PROBLEM DESCRIPTION: Find the line in the entries below that contains "Abs1/1 -> Eff Map/2". Repeat it exactly, and every line after it through the line that contains "Gain : Gain".

DATA TO PROCESS:
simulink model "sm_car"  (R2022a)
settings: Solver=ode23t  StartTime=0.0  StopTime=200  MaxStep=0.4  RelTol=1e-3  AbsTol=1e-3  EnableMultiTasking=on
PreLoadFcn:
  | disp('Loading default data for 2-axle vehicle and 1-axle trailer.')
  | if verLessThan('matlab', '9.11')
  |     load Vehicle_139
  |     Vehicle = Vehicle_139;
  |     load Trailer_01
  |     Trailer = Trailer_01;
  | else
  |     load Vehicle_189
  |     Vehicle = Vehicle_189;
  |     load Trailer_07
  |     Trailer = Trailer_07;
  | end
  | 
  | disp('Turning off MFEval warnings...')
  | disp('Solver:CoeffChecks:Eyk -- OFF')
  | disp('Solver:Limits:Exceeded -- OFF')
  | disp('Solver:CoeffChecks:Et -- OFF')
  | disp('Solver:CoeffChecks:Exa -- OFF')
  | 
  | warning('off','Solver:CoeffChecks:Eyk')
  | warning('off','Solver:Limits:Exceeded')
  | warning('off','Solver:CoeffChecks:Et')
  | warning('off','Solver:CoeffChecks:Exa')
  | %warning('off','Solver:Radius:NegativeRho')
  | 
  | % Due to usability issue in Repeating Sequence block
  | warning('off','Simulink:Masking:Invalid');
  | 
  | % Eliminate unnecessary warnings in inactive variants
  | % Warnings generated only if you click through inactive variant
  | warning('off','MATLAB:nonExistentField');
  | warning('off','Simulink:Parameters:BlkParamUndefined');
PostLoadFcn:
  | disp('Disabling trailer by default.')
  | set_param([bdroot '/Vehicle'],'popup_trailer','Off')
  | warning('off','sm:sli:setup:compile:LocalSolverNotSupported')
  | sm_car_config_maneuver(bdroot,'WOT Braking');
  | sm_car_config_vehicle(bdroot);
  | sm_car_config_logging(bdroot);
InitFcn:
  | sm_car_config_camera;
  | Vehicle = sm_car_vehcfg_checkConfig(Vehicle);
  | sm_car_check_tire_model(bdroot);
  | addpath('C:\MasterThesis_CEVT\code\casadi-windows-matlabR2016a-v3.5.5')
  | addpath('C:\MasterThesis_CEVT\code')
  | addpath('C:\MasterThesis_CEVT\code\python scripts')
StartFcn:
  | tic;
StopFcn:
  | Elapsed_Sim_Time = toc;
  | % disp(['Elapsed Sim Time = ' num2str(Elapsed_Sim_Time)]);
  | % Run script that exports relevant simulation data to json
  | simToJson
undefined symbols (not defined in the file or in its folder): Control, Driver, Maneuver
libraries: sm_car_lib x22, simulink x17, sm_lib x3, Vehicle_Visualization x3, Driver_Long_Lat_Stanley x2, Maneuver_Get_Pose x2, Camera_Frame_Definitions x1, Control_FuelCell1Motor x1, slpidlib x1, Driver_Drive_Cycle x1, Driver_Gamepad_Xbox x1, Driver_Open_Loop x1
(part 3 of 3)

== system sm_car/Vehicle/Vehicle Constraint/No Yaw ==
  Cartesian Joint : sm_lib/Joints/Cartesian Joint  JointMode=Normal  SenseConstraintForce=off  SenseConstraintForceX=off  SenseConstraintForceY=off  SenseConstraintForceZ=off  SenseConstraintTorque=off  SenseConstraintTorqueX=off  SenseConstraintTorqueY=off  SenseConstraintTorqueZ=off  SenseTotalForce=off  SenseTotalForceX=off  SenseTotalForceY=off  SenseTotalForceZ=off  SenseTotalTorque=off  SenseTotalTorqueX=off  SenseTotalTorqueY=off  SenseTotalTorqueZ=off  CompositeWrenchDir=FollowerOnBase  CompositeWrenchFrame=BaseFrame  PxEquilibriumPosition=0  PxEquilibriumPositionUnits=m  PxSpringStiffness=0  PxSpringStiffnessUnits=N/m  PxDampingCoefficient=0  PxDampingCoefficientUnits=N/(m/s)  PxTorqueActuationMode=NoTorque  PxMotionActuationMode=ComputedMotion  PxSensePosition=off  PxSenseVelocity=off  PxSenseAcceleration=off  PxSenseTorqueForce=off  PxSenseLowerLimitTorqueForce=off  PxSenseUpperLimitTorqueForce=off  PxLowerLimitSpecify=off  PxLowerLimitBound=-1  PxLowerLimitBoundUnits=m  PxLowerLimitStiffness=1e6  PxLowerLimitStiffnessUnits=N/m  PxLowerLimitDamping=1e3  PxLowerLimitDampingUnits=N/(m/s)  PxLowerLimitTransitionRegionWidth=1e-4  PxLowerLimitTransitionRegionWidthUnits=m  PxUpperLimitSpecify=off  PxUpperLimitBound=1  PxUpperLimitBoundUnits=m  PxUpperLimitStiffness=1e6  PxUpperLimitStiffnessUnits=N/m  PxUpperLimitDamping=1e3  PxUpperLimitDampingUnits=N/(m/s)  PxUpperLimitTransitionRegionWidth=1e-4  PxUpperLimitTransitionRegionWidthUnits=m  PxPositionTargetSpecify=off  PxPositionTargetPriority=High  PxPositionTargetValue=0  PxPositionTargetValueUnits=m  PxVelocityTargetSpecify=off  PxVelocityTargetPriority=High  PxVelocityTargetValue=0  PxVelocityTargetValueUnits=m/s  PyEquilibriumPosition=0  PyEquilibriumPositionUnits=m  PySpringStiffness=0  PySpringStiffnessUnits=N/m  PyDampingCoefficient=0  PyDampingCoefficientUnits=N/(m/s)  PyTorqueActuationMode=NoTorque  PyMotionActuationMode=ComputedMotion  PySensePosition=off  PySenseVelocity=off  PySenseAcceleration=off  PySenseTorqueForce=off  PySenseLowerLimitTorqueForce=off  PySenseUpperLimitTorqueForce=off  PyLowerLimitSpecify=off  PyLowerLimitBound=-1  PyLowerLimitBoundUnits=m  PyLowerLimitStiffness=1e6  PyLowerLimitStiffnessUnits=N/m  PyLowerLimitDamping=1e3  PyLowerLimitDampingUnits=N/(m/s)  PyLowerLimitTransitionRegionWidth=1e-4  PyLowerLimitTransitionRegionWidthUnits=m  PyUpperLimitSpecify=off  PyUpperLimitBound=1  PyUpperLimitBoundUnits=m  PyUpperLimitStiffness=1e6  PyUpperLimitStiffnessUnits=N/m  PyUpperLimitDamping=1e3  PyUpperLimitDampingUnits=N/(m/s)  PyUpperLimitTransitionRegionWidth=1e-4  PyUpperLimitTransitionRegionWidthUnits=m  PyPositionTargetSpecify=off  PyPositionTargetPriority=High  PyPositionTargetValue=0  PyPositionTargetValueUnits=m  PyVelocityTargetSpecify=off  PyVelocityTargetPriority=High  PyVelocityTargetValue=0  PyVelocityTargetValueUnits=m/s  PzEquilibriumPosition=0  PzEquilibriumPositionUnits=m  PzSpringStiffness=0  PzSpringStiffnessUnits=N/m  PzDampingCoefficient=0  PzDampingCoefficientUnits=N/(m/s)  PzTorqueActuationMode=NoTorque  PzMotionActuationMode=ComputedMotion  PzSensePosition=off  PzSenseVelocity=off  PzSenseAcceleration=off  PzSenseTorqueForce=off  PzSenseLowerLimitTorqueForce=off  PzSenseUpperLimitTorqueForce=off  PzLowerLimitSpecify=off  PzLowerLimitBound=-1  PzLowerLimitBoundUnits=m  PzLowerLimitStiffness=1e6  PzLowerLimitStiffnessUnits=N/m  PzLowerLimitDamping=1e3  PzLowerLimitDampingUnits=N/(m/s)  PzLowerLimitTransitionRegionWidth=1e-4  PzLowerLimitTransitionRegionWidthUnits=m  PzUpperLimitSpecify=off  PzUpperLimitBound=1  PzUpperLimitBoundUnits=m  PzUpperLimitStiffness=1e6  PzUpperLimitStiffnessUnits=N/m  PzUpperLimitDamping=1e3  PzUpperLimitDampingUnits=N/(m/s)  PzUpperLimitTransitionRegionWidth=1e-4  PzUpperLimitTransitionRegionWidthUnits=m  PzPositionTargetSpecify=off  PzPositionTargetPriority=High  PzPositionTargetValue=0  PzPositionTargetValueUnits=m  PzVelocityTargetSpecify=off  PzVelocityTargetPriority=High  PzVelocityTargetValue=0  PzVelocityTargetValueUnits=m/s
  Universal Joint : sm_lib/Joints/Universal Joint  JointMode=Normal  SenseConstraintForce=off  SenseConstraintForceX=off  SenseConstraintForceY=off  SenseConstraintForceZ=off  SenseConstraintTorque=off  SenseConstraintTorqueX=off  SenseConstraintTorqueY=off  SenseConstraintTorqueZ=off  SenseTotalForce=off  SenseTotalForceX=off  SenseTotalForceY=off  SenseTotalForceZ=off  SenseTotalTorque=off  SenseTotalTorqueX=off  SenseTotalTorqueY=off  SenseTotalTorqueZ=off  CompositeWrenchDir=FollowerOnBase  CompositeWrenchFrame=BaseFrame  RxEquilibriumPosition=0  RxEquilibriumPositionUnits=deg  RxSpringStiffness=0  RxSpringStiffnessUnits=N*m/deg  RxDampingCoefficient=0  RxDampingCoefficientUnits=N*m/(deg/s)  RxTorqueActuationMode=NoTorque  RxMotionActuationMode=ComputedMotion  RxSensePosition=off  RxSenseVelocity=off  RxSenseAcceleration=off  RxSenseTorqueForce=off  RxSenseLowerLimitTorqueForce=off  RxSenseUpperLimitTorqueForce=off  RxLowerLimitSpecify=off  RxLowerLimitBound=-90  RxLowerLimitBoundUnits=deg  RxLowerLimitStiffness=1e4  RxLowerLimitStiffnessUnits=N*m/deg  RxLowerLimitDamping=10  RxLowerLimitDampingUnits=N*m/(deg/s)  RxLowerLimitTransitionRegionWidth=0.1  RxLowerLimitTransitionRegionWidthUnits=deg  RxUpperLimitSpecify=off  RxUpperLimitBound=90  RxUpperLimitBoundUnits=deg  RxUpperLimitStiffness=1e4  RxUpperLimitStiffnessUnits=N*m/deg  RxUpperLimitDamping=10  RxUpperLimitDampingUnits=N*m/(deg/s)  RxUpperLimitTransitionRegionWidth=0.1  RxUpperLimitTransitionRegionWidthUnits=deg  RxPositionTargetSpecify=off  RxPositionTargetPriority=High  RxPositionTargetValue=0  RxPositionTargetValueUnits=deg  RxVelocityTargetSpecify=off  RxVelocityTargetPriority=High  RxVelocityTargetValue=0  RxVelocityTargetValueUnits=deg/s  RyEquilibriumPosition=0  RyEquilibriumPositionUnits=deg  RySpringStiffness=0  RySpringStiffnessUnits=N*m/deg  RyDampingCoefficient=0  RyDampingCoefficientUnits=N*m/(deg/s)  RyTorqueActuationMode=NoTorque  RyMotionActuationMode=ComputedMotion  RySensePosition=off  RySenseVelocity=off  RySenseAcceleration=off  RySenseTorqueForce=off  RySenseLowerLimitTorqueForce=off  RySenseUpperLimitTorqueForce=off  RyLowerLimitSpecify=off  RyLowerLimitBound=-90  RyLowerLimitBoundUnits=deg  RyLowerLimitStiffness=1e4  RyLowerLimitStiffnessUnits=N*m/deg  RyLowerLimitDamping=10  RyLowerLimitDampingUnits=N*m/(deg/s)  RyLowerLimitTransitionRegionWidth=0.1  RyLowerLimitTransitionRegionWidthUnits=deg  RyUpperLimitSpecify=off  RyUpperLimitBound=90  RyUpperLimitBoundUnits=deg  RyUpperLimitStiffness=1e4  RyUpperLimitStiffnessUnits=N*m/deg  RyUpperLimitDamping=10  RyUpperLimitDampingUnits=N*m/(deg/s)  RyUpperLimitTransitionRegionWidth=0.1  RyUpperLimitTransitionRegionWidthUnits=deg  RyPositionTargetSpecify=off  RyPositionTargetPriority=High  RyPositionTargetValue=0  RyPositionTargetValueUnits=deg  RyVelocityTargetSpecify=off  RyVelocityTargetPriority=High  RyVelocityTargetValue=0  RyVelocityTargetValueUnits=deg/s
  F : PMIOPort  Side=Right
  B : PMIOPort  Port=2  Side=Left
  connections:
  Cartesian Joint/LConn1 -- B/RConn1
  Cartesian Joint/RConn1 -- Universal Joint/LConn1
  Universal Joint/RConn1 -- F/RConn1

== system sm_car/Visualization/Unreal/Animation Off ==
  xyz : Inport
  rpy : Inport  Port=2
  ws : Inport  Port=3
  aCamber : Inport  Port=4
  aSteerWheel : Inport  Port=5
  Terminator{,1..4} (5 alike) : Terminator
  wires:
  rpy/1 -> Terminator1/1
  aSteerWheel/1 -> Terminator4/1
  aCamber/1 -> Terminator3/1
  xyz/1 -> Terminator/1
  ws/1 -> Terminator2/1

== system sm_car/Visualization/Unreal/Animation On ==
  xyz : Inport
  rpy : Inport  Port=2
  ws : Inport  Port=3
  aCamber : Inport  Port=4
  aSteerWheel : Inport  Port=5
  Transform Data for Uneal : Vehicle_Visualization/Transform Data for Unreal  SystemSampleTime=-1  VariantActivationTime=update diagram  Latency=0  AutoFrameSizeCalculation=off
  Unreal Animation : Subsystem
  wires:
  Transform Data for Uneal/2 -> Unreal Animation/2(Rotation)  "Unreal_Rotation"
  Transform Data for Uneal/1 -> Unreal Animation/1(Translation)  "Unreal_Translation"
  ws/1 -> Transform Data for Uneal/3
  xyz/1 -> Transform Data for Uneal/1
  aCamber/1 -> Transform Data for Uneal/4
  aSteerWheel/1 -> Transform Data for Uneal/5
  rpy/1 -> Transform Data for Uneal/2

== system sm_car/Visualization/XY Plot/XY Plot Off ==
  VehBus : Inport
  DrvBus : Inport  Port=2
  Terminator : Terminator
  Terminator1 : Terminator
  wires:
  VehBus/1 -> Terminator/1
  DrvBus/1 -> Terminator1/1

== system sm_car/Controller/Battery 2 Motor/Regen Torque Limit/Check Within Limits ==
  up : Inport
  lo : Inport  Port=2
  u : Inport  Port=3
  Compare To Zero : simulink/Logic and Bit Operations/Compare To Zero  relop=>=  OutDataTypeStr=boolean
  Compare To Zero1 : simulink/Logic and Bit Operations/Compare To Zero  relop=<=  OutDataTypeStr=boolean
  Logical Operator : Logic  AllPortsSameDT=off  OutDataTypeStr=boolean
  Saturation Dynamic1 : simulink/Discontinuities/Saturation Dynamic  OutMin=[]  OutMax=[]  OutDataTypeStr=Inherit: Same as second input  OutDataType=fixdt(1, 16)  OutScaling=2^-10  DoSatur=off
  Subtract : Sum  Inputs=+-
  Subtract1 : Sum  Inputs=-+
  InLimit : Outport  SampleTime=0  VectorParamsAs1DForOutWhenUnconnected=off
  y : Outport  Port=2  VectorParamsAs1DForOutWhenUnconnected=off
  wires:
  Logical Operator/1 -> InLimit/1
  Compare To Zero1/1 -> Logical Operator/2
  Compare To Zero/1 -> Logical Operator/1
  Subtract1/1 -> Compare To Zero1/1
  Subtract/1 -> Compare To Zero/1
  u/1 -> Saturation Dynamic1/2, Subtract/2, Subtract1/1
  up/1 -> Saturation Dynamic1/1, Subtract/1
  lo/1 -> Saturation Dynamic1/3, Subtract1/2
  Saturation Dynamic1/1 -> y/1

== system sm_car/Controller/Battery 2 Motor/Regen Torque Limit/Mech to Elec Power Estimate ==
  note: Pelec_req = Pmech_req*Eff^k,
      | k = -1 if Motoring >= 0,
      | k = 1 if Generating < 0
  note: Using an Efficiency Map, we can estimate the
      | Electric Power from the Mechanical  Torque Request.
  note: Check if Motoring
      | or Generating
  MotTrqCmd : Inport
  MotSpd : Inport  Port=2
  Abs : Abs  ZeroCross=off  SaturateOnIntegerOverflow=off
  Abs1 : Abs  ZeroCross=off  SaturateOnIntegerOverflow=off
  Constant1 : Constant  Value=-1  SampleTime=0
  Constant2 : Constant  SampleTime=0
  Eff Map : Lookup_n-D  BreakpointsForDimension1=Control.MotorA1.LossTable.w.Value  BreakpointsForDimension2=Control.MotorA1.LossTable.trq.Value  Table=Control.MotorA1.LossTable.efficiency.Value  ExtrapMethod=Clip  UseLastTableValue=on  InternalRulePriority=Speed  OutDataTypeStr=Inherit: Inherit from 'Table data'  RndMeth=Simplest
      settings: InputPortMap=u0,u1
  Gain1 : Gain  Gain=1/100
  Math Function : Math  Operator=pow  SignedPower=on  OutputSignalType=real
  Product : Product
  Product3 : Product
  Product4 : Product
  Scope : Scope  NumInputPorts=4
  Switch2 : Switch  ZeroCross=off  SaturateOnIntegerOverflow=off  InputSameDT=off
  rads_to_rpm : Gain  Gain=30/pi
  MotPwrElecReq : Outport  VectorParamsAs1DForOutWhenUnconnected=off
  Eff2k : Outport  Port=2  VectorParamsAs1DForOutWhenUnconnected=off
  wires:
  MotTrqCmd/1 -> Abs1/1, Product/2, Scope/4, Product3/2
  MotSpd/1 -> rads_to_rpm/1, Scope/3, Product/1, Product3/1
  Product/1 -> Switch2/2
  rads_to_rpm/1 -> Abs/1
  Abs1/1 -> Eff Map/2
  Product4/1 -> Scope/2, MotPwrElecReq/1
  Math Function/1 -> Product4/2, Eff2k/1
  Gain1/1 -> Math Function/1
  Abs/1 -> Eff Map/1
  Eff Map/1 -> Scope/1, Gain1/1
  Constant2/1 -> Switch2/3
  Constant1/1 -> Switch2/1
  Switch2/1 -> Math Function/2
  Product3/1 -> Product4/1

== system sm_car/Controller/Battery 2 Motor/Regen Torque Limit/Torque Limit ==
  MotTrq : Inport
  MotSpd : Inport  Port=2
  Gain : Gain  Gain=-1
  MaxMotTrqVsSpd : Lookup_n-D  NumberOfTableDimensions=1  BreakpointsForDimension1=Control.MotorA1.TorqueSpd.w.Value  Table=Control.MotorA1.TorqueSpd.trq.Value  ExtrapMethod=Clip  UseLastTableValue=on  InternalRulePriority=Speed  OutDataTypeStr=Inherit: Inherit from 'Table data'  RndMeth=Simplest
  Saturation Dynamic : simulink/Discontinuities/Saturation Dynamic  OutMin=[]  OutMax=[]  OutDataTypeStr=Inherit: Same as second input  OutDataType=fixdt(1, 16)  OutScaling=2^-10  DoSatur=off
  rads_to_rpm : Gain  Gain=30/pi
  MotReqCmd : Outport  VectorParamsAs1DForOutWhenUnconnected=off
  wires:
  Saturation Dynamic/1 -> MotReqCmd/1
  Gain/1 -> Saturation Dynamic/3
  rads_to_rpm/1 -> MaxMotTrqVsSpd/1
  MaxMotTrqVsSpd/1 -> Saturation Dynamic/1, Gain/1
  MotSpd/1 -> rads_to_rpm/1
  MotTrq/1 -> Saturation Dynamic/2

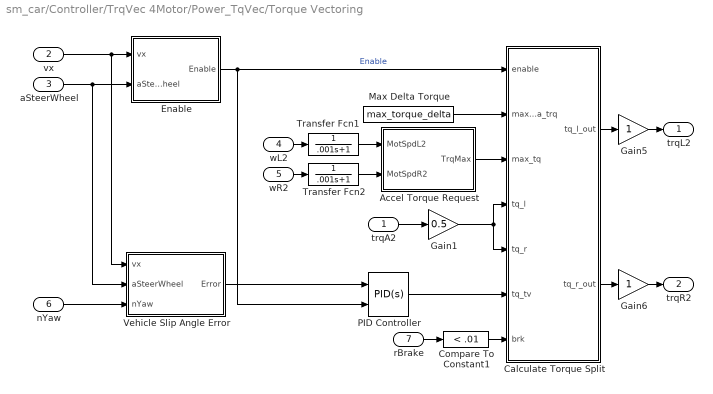
== system sm_car/Controller/TrqVec 4Motor/Power_TqVec/Torque Vectoring ==
  trqA2 : Inport
  vx : Inport  Port=2
  aSteerWheel : Inport  Port=3
  wL2 : Inport  Port=4
  wR2 : Inport  Port=5
  nYaw : Inport  Port=6
  rBrake : Inport  Port=7
  Accel Torque Request : Subsystem
  Calculate Torque Split : MATLAB Function  TreatAsAtomicUnit=on
  Compare To Constant1 : simulink/Logic and Bit Operations/Compare To Constant  relop=<  const=.01  OutDataTypeStr=boolean
  Enable : Subsystem
  Gain1 : Gain  Gain=0.5
  Gain5 : Gain
  Gain6 : Gain
  Max Delta Torque : Constant  Value=max_torque_delta
  PID Controller : slpidlib/PID Controller  Controller=PID  Form=Parallel  TimeDomain=Continuous-time  UseExternalTs=off  SampleTime=-1  IntegratorMethod=Forward Euler  FilterMethod=Forward Euler  ControllerParametersSource=internal  P=P  I=I  UseKiTs=off  D=0  N=1  UseFilter=on  TunerSelectOption=Transfer Function Based (PID Tuner App)  InitialConditionSource=internal  InitialConditionForIntegrator=0  InitialConditionForFilter=0  DifferentiatorICPrevScaledInput=0  ExternalReset=either  TrackingMode=off  Kt=1  LimitOutput=off  SatLimitsSource=internal  UpperSaturationLimit=inf  LowerSaturationLimit=-inf  LinearizeAsGain=on  AntiWindupMode=back-calculation  Kb=1  POutMin=[]  POutMax=[]  IOutMin=[]  IOutMax=[]  DOutMin=[]  DOutMax=[]  NOutMin=[]  NOutMax=[]  SumOutMin=[]  SumOutMax=[]  SaturationOutMin=[]  SaturationOutMax=[]  PParamMin=[]  PParamMax=[]  IParamMin=[]  IParamMax=[]  DParamMin=[]  DParamMax=[]  NParamMin=[]  NParamMax=[]  KbParamMin=[]  KbParamMax=[]  KtParamMin=[]  KtParamMax=[]  KbOutMin=[]  KbOutMax=[]  KtOutMin=[]  KtOutMax=[]  IntegratorOutMin=[]  IntegratorOutMax=[]  FilterOutMin=[]  FilterOutMax=[]  SumI1OutMin=[]  SumI1OutMax=[]  SumI2OutMin=[]  SumI2OutMax=[]  SumI3OutMin=[]  SumI3OutMax=[]  SumI4OutMin=[]  SumI4OutMax=[]  SumDOutMin=[]  SumDOutMax=[]  DifferentiatorOutMin=[]  DifferentiatorOutMax=[]  FilterDiffOutCoefMin=[]  FilterDiffOutCoefMax=[]  ReciprocalOutMin=[]  ReciprocalOutMax=[]  SumDenOutMin=[]  SumDenOutMax=[]  SumNumOutMin=[]  SumNumOutMax=[]  DivideOutMin=[]  DivideOutMax=[]  UdiffTsProdOutMin=[]  UdiffTsProdOutMax=[]  NTsProdOutMin=[]  NTsProdOutMax=[]  UintegralTsProdOutMin=[]  UintegralTsProdOutMax=[]  UngainTsProdOutMin=[]  UngainTsProdOutMax=[]  IntegratorContinuousStateAttributes=''  IntegratorStateMustResolveToSignalObject=off  IntegratorRTWStateStorageClass=Auto  FilterContinuousStateAttributes=''  FilterStateMustResolveToSignalObject=off  FilterRTWStateStorageClass=Auto  ParallelPVariant=InternalParameters  IdealPVariant=Disabled  IVariant=InternalParameters  DVariant=InternalParameters  IntegratorVariant=Continuous  SatVariant=Disabled  AWVariant=Passthrough  PCopyVariant=Disabled  TRVariant=Disabled  FdbkBlocksVariant=Forward  IdealPFdbkVariant=Disabled  SatFdbkVariant=Disabled  DerivativeFilterVariant=ContFilter  NVariant=InternalParameters  NCopyVariant=Disabled  FilterICVariant=InternalICsFilter  IntegratorICVariant=InternalICs  ExternalResetVariant=ExternalReset  TRSumVariant=Passthrough  SumFdbkVariant=Disabled  SumVariant=Sum_PID  TsampFilterVariant=InternalTs  TsampNgainVariant=Passthrough  TsampIntegralVariant=Passthrough  ExternalSaturationOutDataTypeStr=Inherit: Same as second input  aMode=0
  Transfer Fcn1 : TransferFcn  Denominator=[.001 1]
  Transfer Fcn2 : TransferFcn  Denominator=[.001 1]
  Vehicle Slip Angle Error : Subsystem
  trqL2 : Outport  VectorParamsAs1DForOutWhenUnconnected=off
  trqR2 : Outport  Port=2  VectorParamsAs1DForOutWhenUnconnected=off
  wires:
  wL2/1 -> Transfer Fcn1/1
  Transfer Fcn1/1 -> Accel Torque Request/1(MotSpdL2)
  Accel Torque Request/1(TrqMax) -> Calculate Torque Split/3(max_tq)
  vx/1 -> Vehicle Slip Angle Error/1(vx), Enable/1(vx)
  aSteerWheel/1 -> Vehicle Slip Angle Error/2(aSteerWheel), Enable/2(aSteerWheel)
  Gain5/1 -> trqL2/1
  PID Controller/1 -> Calculate Torque Split/6(tq_tv)
  wR2/1 -> Transfer Fcn2/1
  Calculate Torque Split/2(tq_r_out) -> Gain6/1
  trqA2/1 -> Gain1/1
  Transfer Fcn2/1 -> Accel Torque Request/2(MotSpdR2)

SOLUTION TO THIS EXERCISE:
  Abs1/1 -> Eff Map/2
  Product4/1 -> Scope/2, MotPwrElecReq/1
  Math Function/1 -> Product4/2, Eff2k/1
  Gain1/1 -> Math Function/1
  Abs/1 -> Eff Map/1
  Eff Map/1 -> Scope/1, Gain1/1
  Constant2/1 -> Switch2/3
  Constant1/1 -> Switch2/1
  Switch2/1 -> Math Function/2
  Product3/1 -> Product4/1

== system sm_car/Controller/Battery 2 Motor/Regen Torque Limit/Torque Limit ==
  MotTrq : Inport
  MotSpd : Inport  Port=2
  Gain : Gain  Gain=-1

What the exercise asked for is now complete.